Distribution-Calibrated Aggregation Improves LLM Evaluation Reliability

Scientists have developed a new distribution-calibrated aggregation scheme to improve the reliability of large language models (LLMs) when used as evaluators. The work addresses the inherent noise in single judgments by leveraging inference-time compute, generating multiple independent ratings for each item being evaluated. This research demonstrates that carefully allocating compute and aggregating results with a distribution-aware method transforms noisy individual judgments into reliable ratings. The team modeled three-way preferences, positive, negative, and tie votes, using a Bradley-Terry-Davidson formulation, which explicitly considers both the margin of preference and the likelihood of ties.

By estimating parameters on a small calibration set, the method aligns with the evaluation metric while leveraging a well-behaved probabilistic fit. Results show the approach considerably outperforms existing self-consistency methods, turning noisy model judgments into more reliable ratings. Notably, the new method matches or exceeds the performance of individual human raters when evaluated against human-consensus gold standards. In machine translation, the team adopted a consensus-based meta-evaluation to create higher-fidelity ground truths, revealing scenarios where LLM judges approach “super-human” evaluation quality. The breakthrough demonstrates that a principled aggregation approach is critical for effectively utilizing inference-time compute and achieving reliable evaluations with LLMs.

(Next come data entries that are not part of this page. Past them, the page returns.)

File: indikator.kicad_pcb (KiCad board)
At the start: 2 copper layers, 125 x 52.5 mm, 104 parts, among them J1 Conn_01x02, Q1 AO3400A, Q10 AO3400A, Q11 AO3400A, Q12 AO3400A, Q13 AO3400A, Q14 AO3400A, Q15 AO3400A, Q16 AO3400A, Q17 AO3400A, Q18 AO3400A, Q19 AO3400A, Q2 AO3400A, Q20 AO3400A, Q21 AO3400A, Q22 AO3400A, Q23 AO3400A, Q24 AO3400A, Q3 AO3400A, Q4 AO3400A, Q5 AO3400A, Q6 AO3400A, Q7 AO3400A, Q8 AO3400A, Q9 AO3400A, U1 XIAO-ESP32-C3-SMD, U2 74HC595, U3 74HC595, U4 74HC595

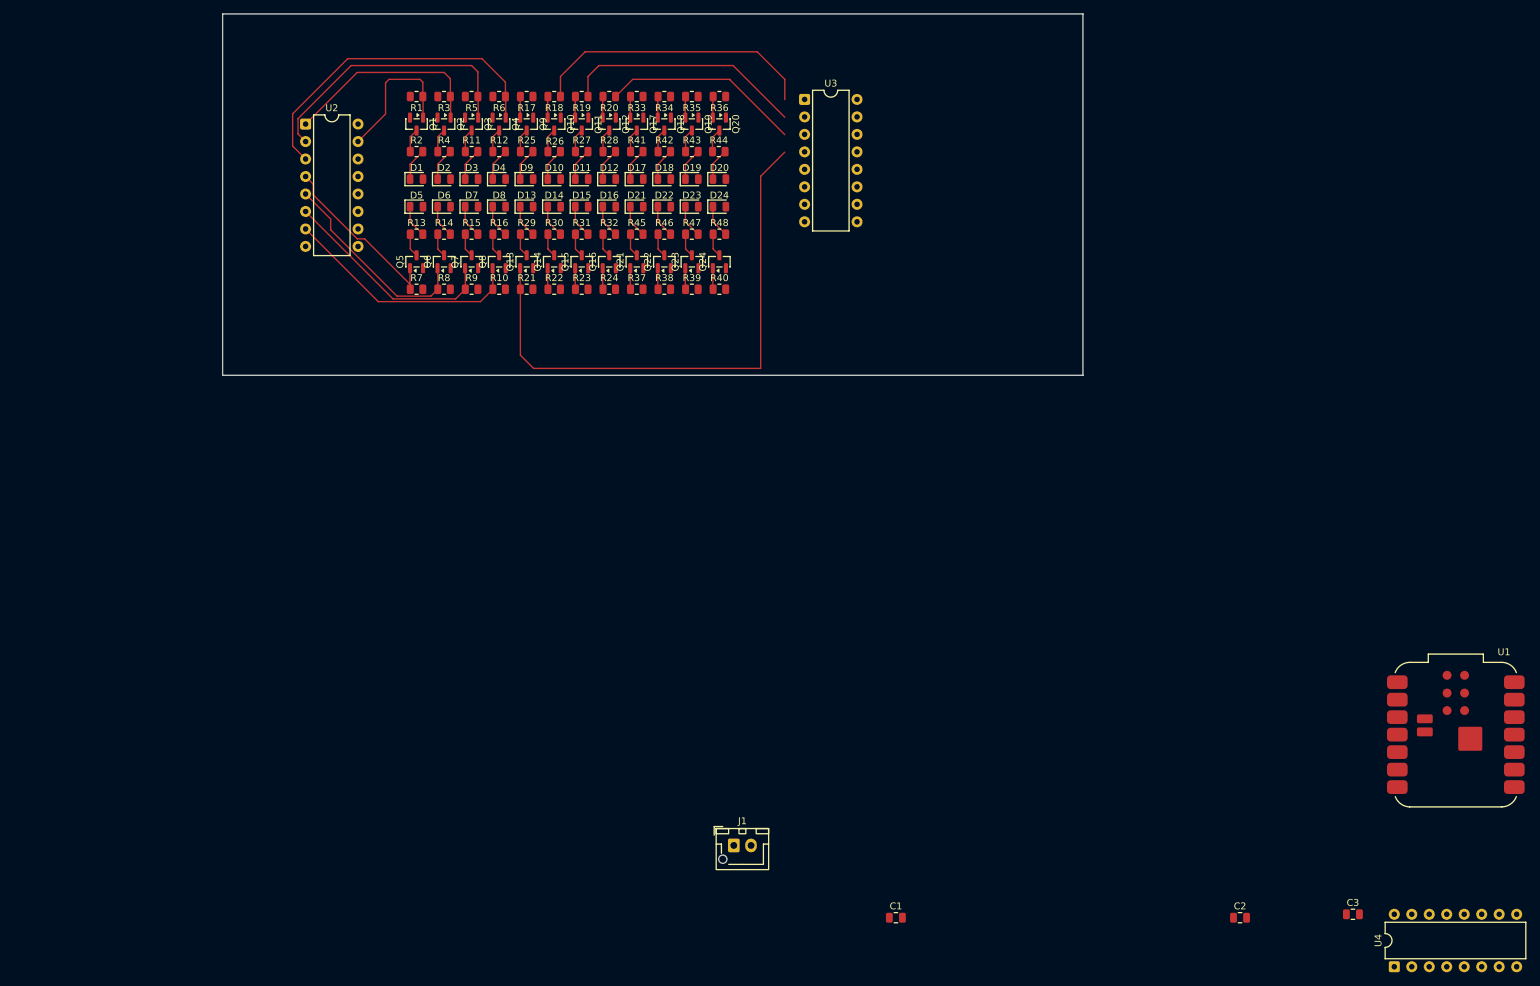
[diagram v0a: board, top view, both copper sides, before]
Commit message: LOTS of routing progress
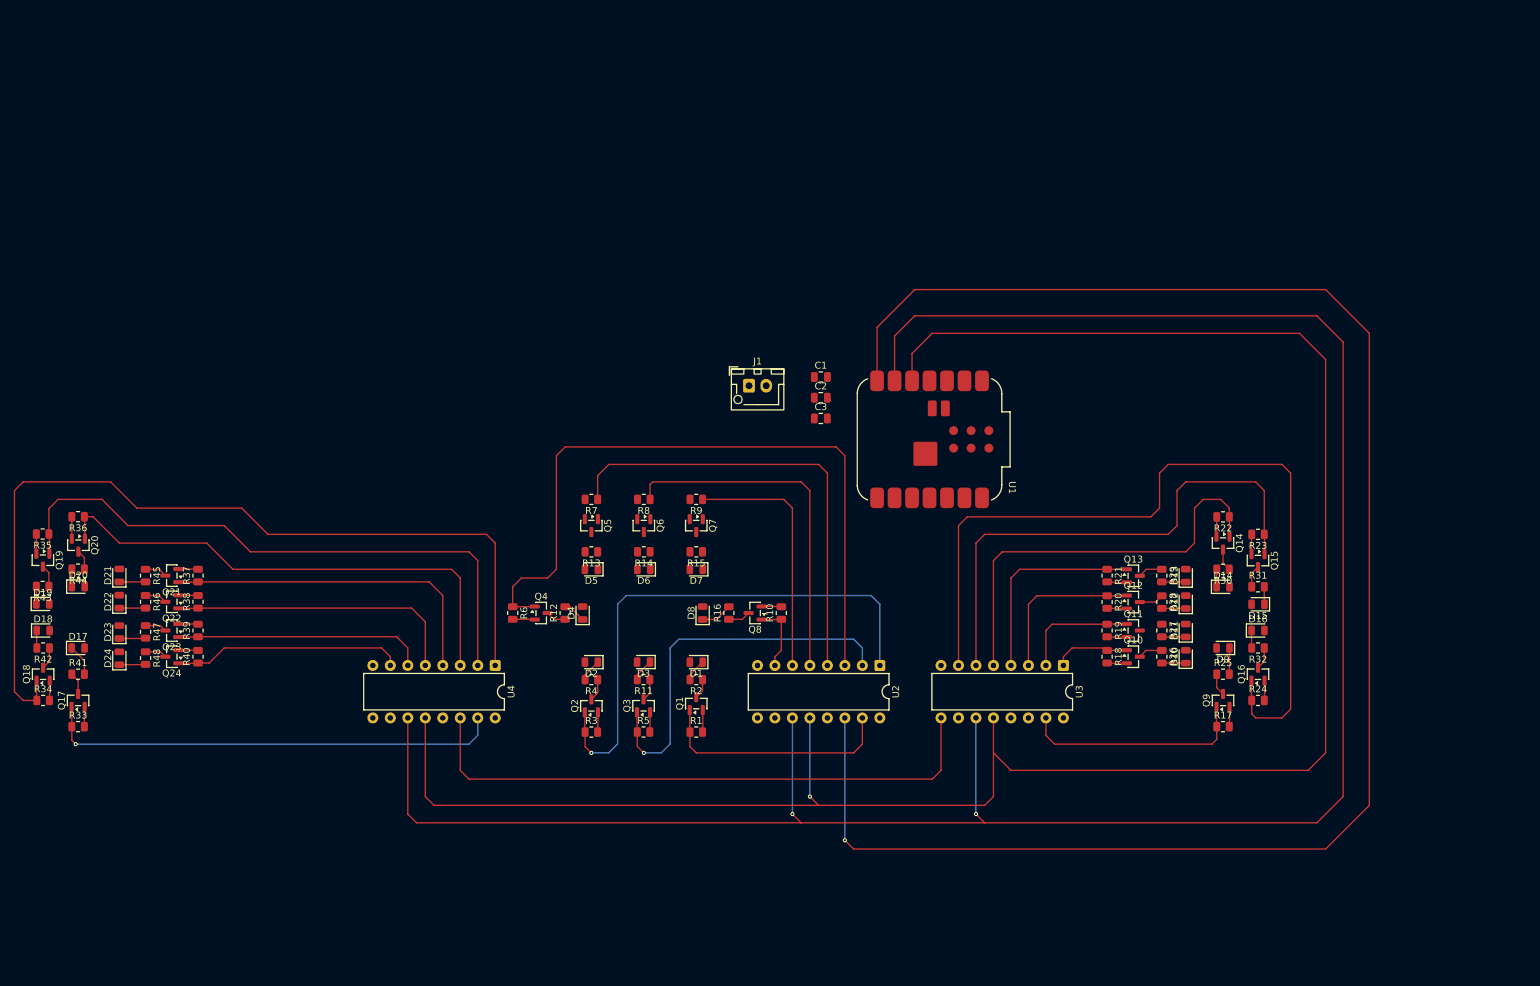
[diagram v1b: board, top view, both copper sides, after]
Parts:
- moved U4 137.8 mm to (116.6, 113.7), turned to -90 degrees
- moved R17 136.4 mm to (222.3, 122.5), turned to 0 degrees
- moved Q9 131.3 mm to (222.3, 118.7), turned to 90 degrees
- moved R25 126.5 mm to (222.3, 114.9)
- moved R34 125.9 mm to (50.9, 118.7), turned to 0 degrees
- moved R33 122.4 mm to (56.0, 122.5), turned to 0 degrees
- moved D9 122.0 mm to (222.3, 111.1), turned to 180 degrees
- moved Q18 120.6 mm to (50.9, 114.9), turned to 90 degrees
- moved Q17 116.6 mm to (56.0, 118.7), turned to 90 degrees
- moved R42 115.5 mm to (50.9, 111.1), turned to 180 degrees
- moved D10 115.0 mm to (216.9, 112.4), turned to 90 degrees
- moved R26 114.8 mm to (213.5, 112.4), turned to -90 degrees
- moved U2 114.7 mm to (172.5, 113.7), turned to -90 degrees
- moved R18 114.4 mm to (205.5, 112.4), turned to -90 degrees
- moved Q10 114.3 mm to (209.3, 112.4), turned to 0 degrees
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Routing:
- net /SRCLK: track 0.00 -> 324.0 mm, vias 0 -> 2
- net /RCLK: track 0.00 -> 294.1 mm, vias 0 -> 1
- net /SER: track 0.00 -> 249.9 mm, vias 0 -> 1
- net Net-(Q18-G): track 0.00 -> 127.7 mm
- net Net-(Q16-G): track 3.08 -> 121.3 mm
- net Net-(Q19-G): track 0.00 -> 88.4 mm
- net /QH'2: track 0.00 -> 86.1 mm
- net Net-(Q20-G): track 0.00 -> 74.3 mm
- net Net-(Q15-G): track 3.08 -> 76.1 mm
- net Net-(Q17-G): track 0.00 -> 67.1 mm, vias 0 -> 1
- net Net-(Q14-G): track 3.08 -> 60.9 mm
- net Net-(Q4-G): track 48.2 -> 103.5 mm
- net Net-(Q13-G): track 81.2 -> 30.1 mm
- net Net-(Q2-G): track 30.2 -> 79.7 mm, vias 0 -> 1
- net Net-(Q21-G): track 3.08 -> 49.4 mm
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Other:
- board outline removed

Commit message: kinda complete like you see the vision right
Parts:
- added REF**: MountingHole_3.2mm_M3, MountingHole:MountingHole_3.2mm_M3, F.Cu at (45.5, 66.7)
- added REF**: MountingHole_3.2mm_M3, MountingHole:MountingHole_3.2mm_M3, F.Cu at (45.5, 141.7)
- added REF**: MountingHole_3.2mm_M3, MountingHole:MountingHole_3.2mm_M3, F.Cu at (245.5, 141.7)
- added REF**: MountingHole_3.2mm_M3, MountingHole:MountingHole_3.2mm_M3, F.Cu at (245.5, 66.7)
- moved C1 29.8 mm to (181.0, 96.2), turned to -90 degrees
- moved C2 25.7 mm to (178.0, 96.2), turned to -90 degrees
- moved C3 21.5 mm to (175.0, 96.2), turned to -90 degrees
- moved U1 7.50 mm to (172.3, 79.5), turned to 180 degrees
- moved J1 4.05 mm to (150.0, 71.0)
- moved D1 1.28 mm to (145.8, 111.9)
- moved D10 1.28 mm to (216.9, 111.1)
- moved D12 1.28 mm to (216.9, 103.2)
- moved D13 1.28 mm to (216.9, 99.3)
- moved D14 1.28 mm to (222.3, 101.0)
- moved D17 1.28 mm to (56.0, 109.8)
- moved D19 1.28 mm to (50.9, 103.4)
- moved D2 1.28 mm to (130.6, 111.9)
- moved D20 1.28 mm to (56.0, 100.9)
- moved D21 1.28 mm to (62.0, 99.3)
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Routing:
- net /ESP3V3: track 0.00 -> 187.1 mm, vias 0 -> 2
- net /VBAT+: track 0.00 -> 89.2 mm, vias 0 -> 23
- net /QH'1: track 0.00 -> 81.1 mm, vias 0 -> 1
- net GND: track 61.6 -> 1.06 mm
- net /SER: track 249.9 -> 220.1 mm
- net /SRCLK: track 324.0 -> 300.6 mm
- net /RCLK: track 294.1 -> 275.7 mm
- net Net-(Q4-G): track 103.5 -> 98.3 mm
- net Net-(Q7-D): track 0.00 -> 3.25 mm
- net Net-(Q6-D): track 0.00 -> 3.25 mm
- net Net-(Q5-D): track 0.00 -> 3.25 mm
- net Net-(D7-K): track 0.00 -> 2.55 mm
- net Net-(D6-K): track 0.00 -> 2.55 mm
- net Net-(D5-K): track 0.00 -> 2.55 mm
- net Net-(Q5-G): track 66.0 -> 64.4 mm
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- added copper zone on B.Cu, net /VBAT+
- added copper zone on F.Cu, net GND
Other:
- board outline added: 210 x 85 mm

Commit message: fix all em errors
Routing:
- net GND: track 1.06 -> 69.2 mm, vias 0 -> 5
- net /VBAT+: track 89.2 -> 84.4 mm, vias 23 -> 25
- net Net-(Q11-D): track 0.00 -> 3.58 mm
- net Net-(Q2-G): track 79.7 -> 79.0 mm

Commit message: dis beautiful now
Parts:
- added G***: LOGO, LOGO, F.Cu at (74.7, 127.6)
- added G***: LOGO, LOGO, F.Cu at (92.5, 74.3)
- added G***: LOGO, LOGO, F.Cu at (105.2, 85.7)
- added G***: LOGO, LOGO, F.Cu at (216.9, 67.2)
- added G***: LOGO, LOGO, B.Cu at (147.1, 103.5)
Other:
- board text added: "> made for third space, a hack club ysws <"

Language Models as Reliable Preference Judges

This research demonstrates that large language models can serve as reliable judges for pairwise preferences, provided that inference-time compute is carefully allocated and aggregation methods are distribution-aware. The team developed a novel approach that combines information about both the strength and decisiveness of judgements, using a Bradley-Terry-Davidson formulation to improve accuracy and reduce errors when compared to standard aggregation techniques. Results consistently show that this method achieves higher accuracy and matches or exceeds the performance of individual human raters when evaluated against human-consensus meta-labels. The study also investigated the impact of calibration set size, finding that performance plateaus after approximately 60 to 80 examples, suggesting an efficient range for training these judgement systems. Furthermore, the researchers identified distinct calibration regimes based on the interplay between the language model’s voting patterns and the ground truth, revealing that some tasks transfer more readily to others. While the current work focuses on tasks with clear preferences, the team acknowledges that generalizing this framework to broader ordinal and multi-class outcomes presents a promising direction for future research, and they plan to investigate methods for predicting task transferability and quantifying robustness under distribution shifts.